Wir waren die letzte „Generation Festanstellung“. Auch wenn wir es nicht ahnten. Mein erster Arbeitsvertrag 1995 war nur befristet durch das Erreichen des Rentenalters mit 65. Sechser im Lotto? Nö, ganz normal. Abends beschwerte ich mich bei meiner Clique über den spießigen Paragraphen: „Ich fühl mich so alt!“ Was für ein Luxusproblem. Immer schön ironisch bleiben, bloß nicht festlegen – so tanzten wir durch das Jahrzehnt. Dazu kippten wir Caipirinha, rauchten nicht nur das, was man für fünf Mark am Automaten ziehen konnte, und hatten mehr Sex an einem Wochenende als eine Beziehungskomödie mit Katja Riemann in drei Akten. Die da oder die da? Der da oder der da? Am liebsten beide. Zugegeben: Das lag nicht nur am Jahrzehnt, das lag auch am Alter. Aber trotzdem: Da war etwas in der Luft, eine Love-Parade-Stimmung, die bis auf die Futonmatratzen unserer Schlafzimmer reichte. „Definitely Maybe“, „auf jeden Fall vielleicht“ - der Titel eines Oasis-Albums stand Pate für unser Liebesleben. Ich erinnere mich gut an dieses Gefühl: unverwundbar zu sein. Unverwundbare Lunge, unverwundbare Leber, unverwundbares Herz. Wenn ich dann doch mal tief getroffen wurde, genoss ich auch das. Setzte mir den Discman auf (iPod? Gab’s noch nicht!), legte mich auf die Wiese und weinte wie im Videoclip, während The-Verve-Frontmann Richard Ashcroft die „Bittersweet Symphony“ meines Lebens besang. Dann traf ich mich mit einer Freundin und zog dem nächsten Abenteuer entgegen.
Vielleicht im allerneuesten Sperrmüll-Club – vielleicht auch schon zu Hause vor dem Bildschirm. Mitte/Ende der Neunziger eröffnete das Internet auf einmal ungeahnte Dating-Möglichkeiten. Durch das World Wide Web wurde aus dem Blauen Planeten wirklich ein Dorf. Nicht nur, weil man auf einmal elektronisch mit Jungs aus New York und Kapstadt flirten konnte. Das Schlagwort von der „Globalisierung der Märkte“ entpuppte sich als greifbare Realität. Das Shirt von GAP, 1992 noch bei der Mitbewohnerin auf USA-Trip bestellt, gab’s 1998 auf einmal im Onlineshop, die River-Rafting- Strecke in Tirol schauten wir uns per Webcam an. Anfang des Jahrzehnts hatte ich das Autotelefon meines Vaters noch peinlich gefunden – am Ende hatten meine Freunde und ich dann selbst Handys, Marke Dinosaurierknochen, und tippelten uns den Wolf beim Verfassen der ersten SMS.

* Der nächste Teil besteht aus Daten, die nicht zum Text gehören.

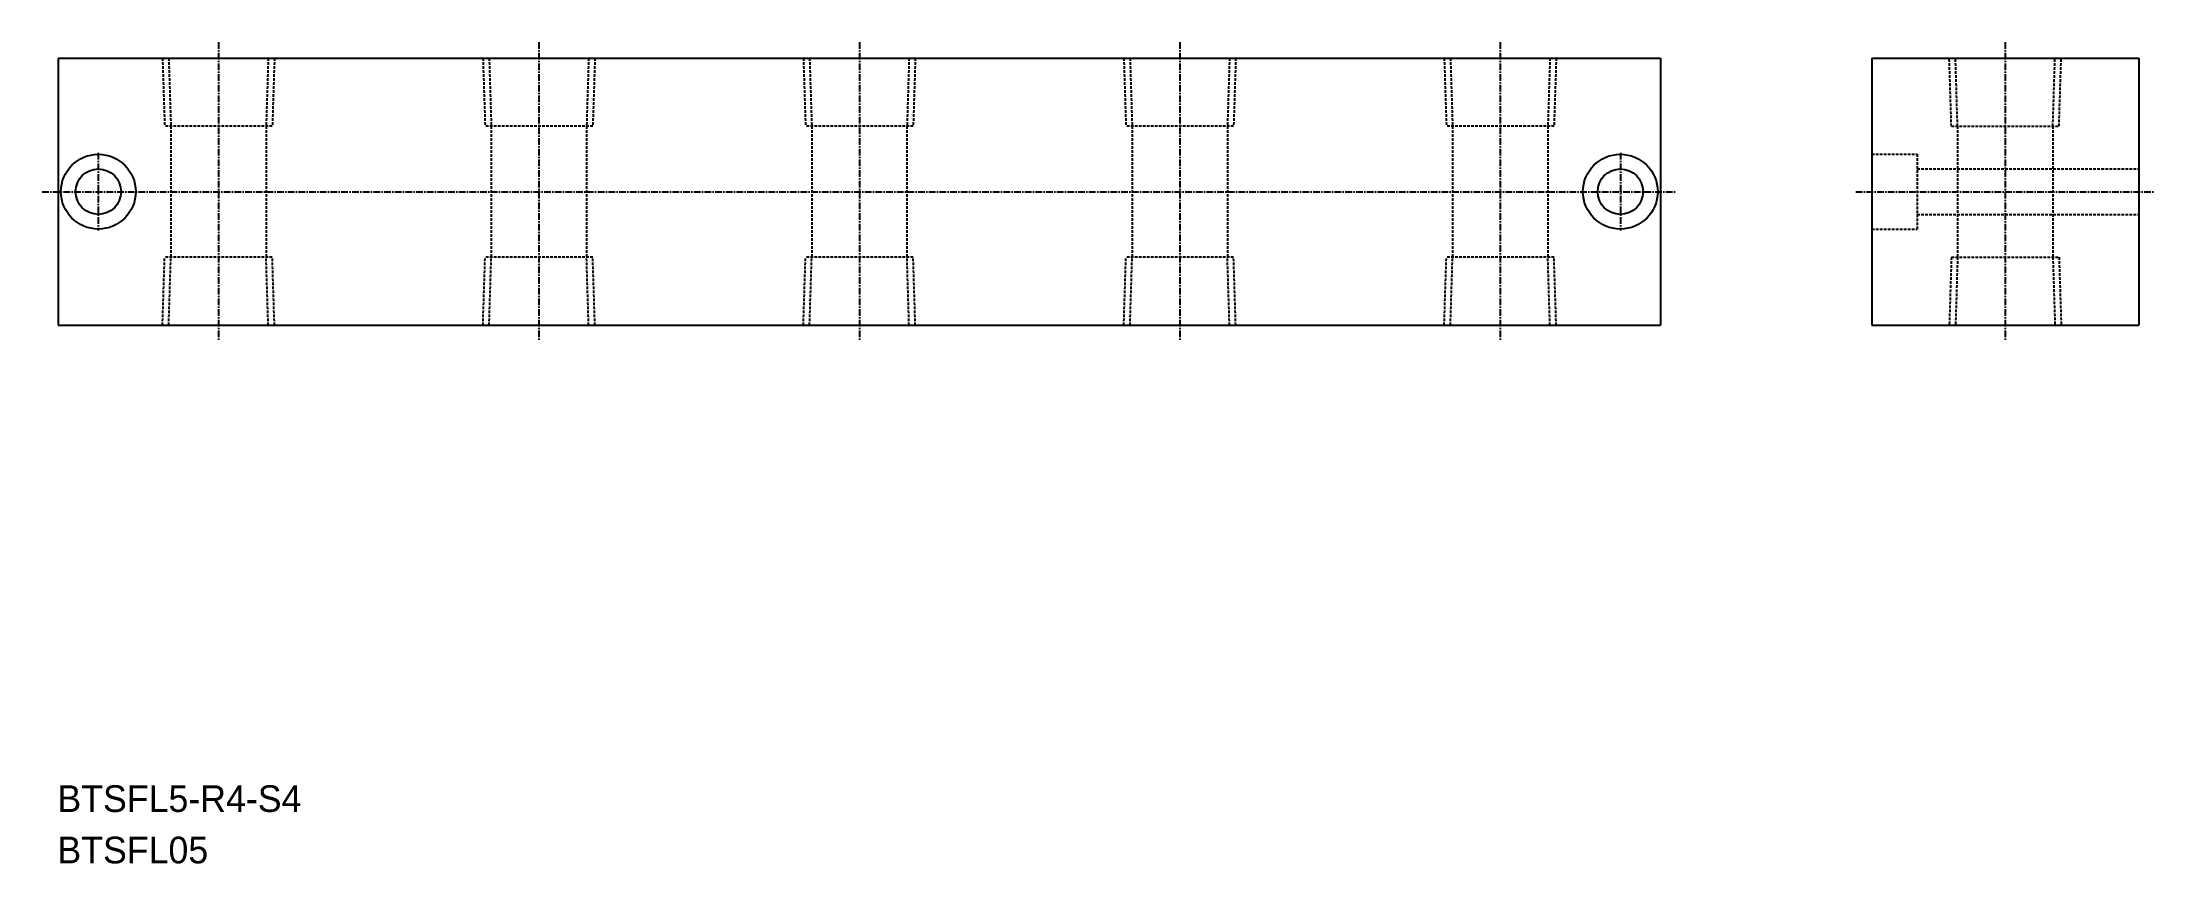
# Model space of a CAD drawing. Extents: x 2995 to 3391, y 8664 to 8818.
import ezdxf

# ---------------------------------------------------------------- set-up
doc = ezdxf.new("R2010")
doc.units = 0
doc.linetypes.add('CENTER', pattern=[2, 1.25, -0.25, 0.25, -0.25])
doc.linetypes.add('DASHED', pattern=[0.75, 0.5, -0.25])
doc.layers.get('0').update_dxf_attribs({"linetype": 'CONTINUOUS'})
doc.layers.add('CENTER', color=1, linetype='CENTER')

msp = doc.modelspace()

# ---------------------------------------------------------------- linework, layer by layer
at = {"color": 7, "linetype": 'CONTINUOUS'}
for p, q in [((2998.3, 8814.52), (3298.3, 8814.52)), ((2998.3, 8814.52), (2998.3, 8764.52)), ((3298.3, 8814.52), (3298.3, 8764.52)), ((3337.86, 8814.52), (3387.86, 8814.52)), ((3337.86, 8814.52), (3337.86, 8764.52)), ((3387.86, 8814.52), (3387.86, 8764.52)), ((2998.3, 8764.52), (3298.3, 8764.52)), ((3337.86, 8764.52), (3387.86, 8764.52))]:
    msp.add_line(p, q, dxfattribs=at)
at = {"color": 3, "linetype": 'DASHED'}
for p, q in [((3017.82, 8814.52), (3018.22, 8801.82)), ((3018.98, 8814.52), (3019.38, 8801.82)), ((3037.61, 8814.52), (3037.22, 8801.82)), ((3038.78, 8814.52), (3038.38, 8801.82)), ((3077.82, 8814.52), (3078.22, 8801.82)), ((3078.98, 8814.52), (3079.38, 8801.82)), ((3097.61, 8814.52), (3097.22, 8801.82)), ((3098.78, 8814.52), (3098.38, 8801.82)), ((3137.82, 8814.52), (3138.22, 8801.82)), ((3138.98, 8814.52), (3139.38, 8801.82)), ((3157.61, 8814.52), (3157.22, 8801.82)), ((3158.78, 8814.52), (3158.38, 8801.82)), ((3197.82, 8814.52), (3198.22, 8801.82)), ((3198.98, 8814.52), (3199.38, 8801.82)), ((3217.61, 8814.52), (3217.22, 8801.82)), ((3218.78, 8814.52), (3218.38, 8801.82)), ((3257.82, 8814.52), (3258.22, 8801.82)), ((3258.98, 8814.52), (3259.38, 8801.82)), ((3277.61, 8814.52), (3277.22, 8801.82)), ((3278.78, 8814.52), (3278.38, 8801.82)), ((3352.78, 8801.82), (3352.39, 8814.52)), ((3353.94, 8801.82), (3353.55, 8814.52)), ((3371.78, 8801.82), (3372.18, 8814.52)), ((3372.94, 8801.82), (3373.34, 8814.52)), ((3038.38, 8801.82), (3018.22, 8801.82)), ((3019.38, 8801.82), (3019.38, 8777.22)), ((3037.22, 8801.82), (3037.22, 8777.22)), ((3098.38, 8801.82), (3078.22, 8801.82)), ((3079.38, 8801.82), (3079.38, 8777.22)), ((3097.22, 8801.82), (3097.22, 8777.22)), ((3158.38, 8801.82), (3138.22, 8801.82)), ((3139.38, 8801.82), (3139.38, 8777.22)), ((3157.22, 8801.82), (3157.22, 8777.22)), ((3218.38, 8801.82), (3198.22, 8801.82)), ((3199.38, 8801.82), (3199.38, 8777.22)), ((3217.22, 8801.82), (3217.22, 8777.22)), ((3278.38, 8801.82), (3258.22, 8801.82)), ((3259.38, 8801.82), (3259.38, 8777.22)), ((3277.22, 8801.82), (3277.22, 8777.22)), ((3352.78, 8801.82), (3372.94, 8801.82)), ((3353.94, 8801.82), (3353.94, 8777.22)), ((3371.78, 8801.82), (3371.78, 8777.22)), ((3337.86, 8796.52), (3346.36, 8796.52)), ((3346.36, 8796.52), (3346.36, 8782.52)), ((3346.36, 8793.77), (3387.86, 8793.77)), ((3337.86, 8782.52), (3346.36, 8782.52)), ((3346.36, 8785.27), (3387.86, 8785.27)), ((3017.82, 8764.52), (3018.22, 8777.22)), ((3038.38, 8777.22), (3018.22, 8777.22)), ((3018.98, 8764.52), (3019.38, 8777.22)), ((3037.61, 8764.52), (3037.22, 8777.22)), ((3038.78, 8764.52), (3038.38, 8777.22)), ((3077.82, 8764.52), (3078.22, 8777.22)), ((3098.38, 8777.22), (3078.22, 8777.22)), ((3078.98, 8764.52), (3079.38, 8777.22)), ((3097.61, 8764.52), (3097.22, 8777.22)), ((3098.78, 8764.52), (3098.38, 8777.22)), ((3137.82, 8764.52), (3138.22, 8777.22)), ((3158.38, 8777.22), (3138.22, 8777.22)), ((3138.98, 8764.52), (3139.38, 8777.22)), ((3157.61, 8764.52), (3157.22, 8777.22)), ((3158.78, 8764.52), (3158.38, 8777.22)), ((3197.82, 8764.52), (3198.22, 8777.22)), ((3218.38, 8777.22), (3198.22, 8777.22)), ((3198.98, 8764.52), (3199.38, 8777.22)), ((3217.61, 8764.52), (3217.22, 8777.22)), ((3218.78, 8764.52), (3218.38, 8777.22)), ((3257.82, 8764.52), (3258.22, 8777.22)), ((3278.38, 8777.22), (3258.22, 8777.22)), ((3258.98, 8764.52), (3259.38, 8777.22)), ((3277.61, 8764.52), (3277.22, 8777.22)), ((3278.78, 8764.52), (3278.38, 8777.22)), ((3352.78, 8777.22), (3352.39, 8764.52)), ((3352.78, 8777.22), (3372.94, 8777.22)), ((3353.94, 8777.22), (3353.55, 8764.52)), ((3371.78, 8777.22), (3372.18, 8764.52)), ((3372.94, 8777.22), (3373.34, 8764.52))]:
    msp.add_line(p, q, dxfattribs=at)
at = {"color": 7, "linetype": 'CONTINUOUS'}
for centre, radius in [((3005.8, 8789.52), 7), ((3005.8, 8789.52), 4.25), ((3290.8, 8789.52), 7), ((3290.8, 8789.52), 4.25)]:
    msp.add_circle(centre, radius, dxfattribs=at)
at = {"layer": 'CENTER', "color": 1, "linetype": 'CENTER'}
for p, q in [((3028.3, 8817.52), (3028.3, 8761.52)), ((3088.3, 8817.52), (3088.3, 8761.52)), ((3148.3, 8817.52), (3148.3, 8761.52)), ((3208.3, 8817.52), (3208.3, 8761.52)), ((3268.3, 8817.52), (3268.3, 8761.52)), ((3362.86, 8817.52), (3362.86, 8761.52)), ((3005.8, 8796.77), (3005.8, 8782.27)), ((3290.8, 8796.77), (3290.8, 8782.27)), ((2995.3, 8789.52), (3301.3, 8789.52)), ((3334.86, 8789.52), (3390.86, 8789.52))]:
    msp.add_line(p, q, dxfattribs=at)

# ---------------------------------------------------------------- texts
at = {"color": 7, "linetype": 'CONTINUOUS'}
for s, p in [('BTSFL5-R4-S4', (2998.13, 8673.31)), ('BTSFL05', (2998.13, 8663.68))]:
    msp.add_text(s, height=5, dxfattribs=at).set_placement(p)

doc.saveas('drawing.dxf')
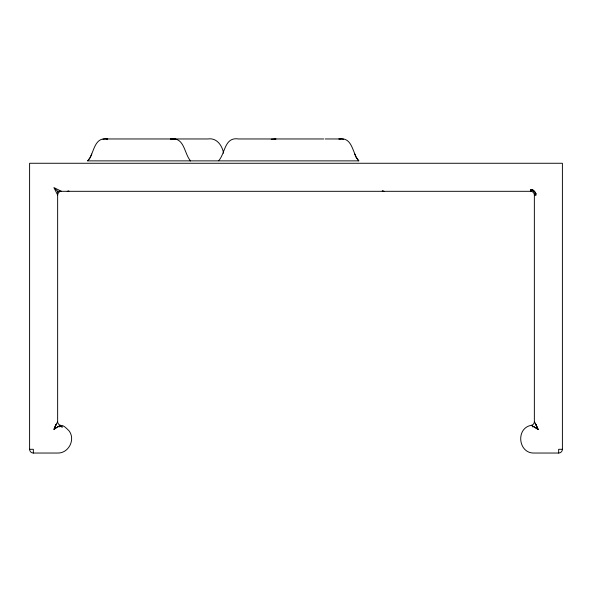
<?xml version="1.0" encoding="UTF-8"?>
<svg xmlns="http://www.w3.org/2000/svg" width="592" height="592" viewBox="0 0 592 592"><rect width="100%" height="100%" fill="white"/><g stroke="black" fill="none" stroke-linecap="round" stroke-linejoin="round"><path stroke-width="0.89" d="M55.337 189.003L57.639 191.312L530.617 191.312A3.737 3.737 0 0 1 534.361 195.049L536.226 195.049L535.286 193.799L535.479 192.245L534.036 191.63L533.422 190.187L531.868 190.38L532.067 189.632L533.037 190.861L534.583 191.083L534.036 191.63M534.361 195.049L534.361 421.652A3.737 3.737 0 0 1 531.409 425.308C515.417 427.994 518.163 453.775 534.361 453.035L558.663 453.035A3.737 3.737 0 0 0 562.4 449.298L562.4 163.266L29.6 163.266L29.6 449.298A3.737 3.737 0 0 0 33.337 453.035L57.639 453.035C68.62 453.435 75.761 439.464 69.005 430.798C66.933 428.889 62.404 423.287 59.318 426.196L59.215 426.965L58.408 426.432L53.916 429.4L57.639 421.652L57.639 191.312M534.487 195.049L534.717 193.954M531.72 190.95L530.617 191.179M171.917 138.979L170.526 138.965L175.321 139.246L171.14 138.965C184.637 137.211 184.075 153.572 190.543 160.869L87.72 160.869C94.542 153.395 93.44 136.678 107.737 138.965L207.918 138.965C216.687 137.522 222.2 145.477 223.584 153.21M55.034 426.558L56.225 424.116L53.916 429.4L56.299 427.683M535.449 195.049L536.034 193.599L534.805 192.629L535.479 192.245M91.767 154.038L90.199 157.716L87.72 160.869M533.037 190.861L533.422 190.187M57.402 427.002L59.977 425.611M530.617 190.217L532.067 189.632M68.028 191.231L68.953 191.024M535.286 193.799L536.034 193.599M67.244 191.312L68.258 191.238M102.949 139.246L107.122 138.965M271.203 139.246L275.376 138.965M275.199 138.979L275.99 138.965L274.607 138.979M106.456 138.979L107.737 138.965L106.353 138.979M325.171 138.965L338.779 138.965C353.01 136.7 352.07 153.335 358.796 160.869L218.589 160.869C225.397 153.387 224.324 136.693 238.606 138.965L323.743 138.965M190.047 160.869L218.337 160.869M29.6 449.298L33.337 449.298L33.337 453.035M562.4 449.298L558.663 449.298L558.663 453.035M338.779 138.965L343.575 139.246M339.394 138.965L340.171 138.979M383.949 191.312L382.41 191.001M383.668 191.312L382.24 191.024M59.318 426.196L62.449 427.017L59.281 425.966M531.409 425.308L538.084 429.4L534.361 421.652M534.598 427.002L533.592 426.432L532.785 426.965L532.023 425.611M358.796 160.869L356.036 157.294L354.749 154.038M535.227 423.125L538.098 429.437L535.701 427.683L538.069 429.415L535.782 424.131M530.617 189.44L530.617 191.312M60.591 425.308A3.737 3.737 0 0 1 57.639 421.652M61.383 191.312L53.902 187.568L57.639 195.049A3.737 3.737 0 0 1 61.383 191.312"/></g></svg>

Am 11. August 1999 starrte ganz Deutschland zum Himmel, die Augen durch Faltbrillen aus Pappe geschützt, und sah die Sonne verschwinden. Vielleicht war das der Tag, an dem die 90er-Jahre endeten. Die letzte Party, in die sich schon ein Hauch von Unbehagen mischte. Pünktlich zum Jahrtausendende kamen die Ängste wieder: dass mit der Computerumstellung auf das Jahr 2000 Radiowecker verrückt spielen würden oder Flugzeuge abstürzen, dass es nicht ewig so weitergehen konnte mit den hochfliegenden Aktienkursen der New-Economy- Firmen. Wir ahnten, dass wir vielleicht doch nicht in der besten aller möglichen Welten lebten, und stellten fest, dass der Partyhit „1999“ von Prince eigentlich vom Weltuntergang handelte.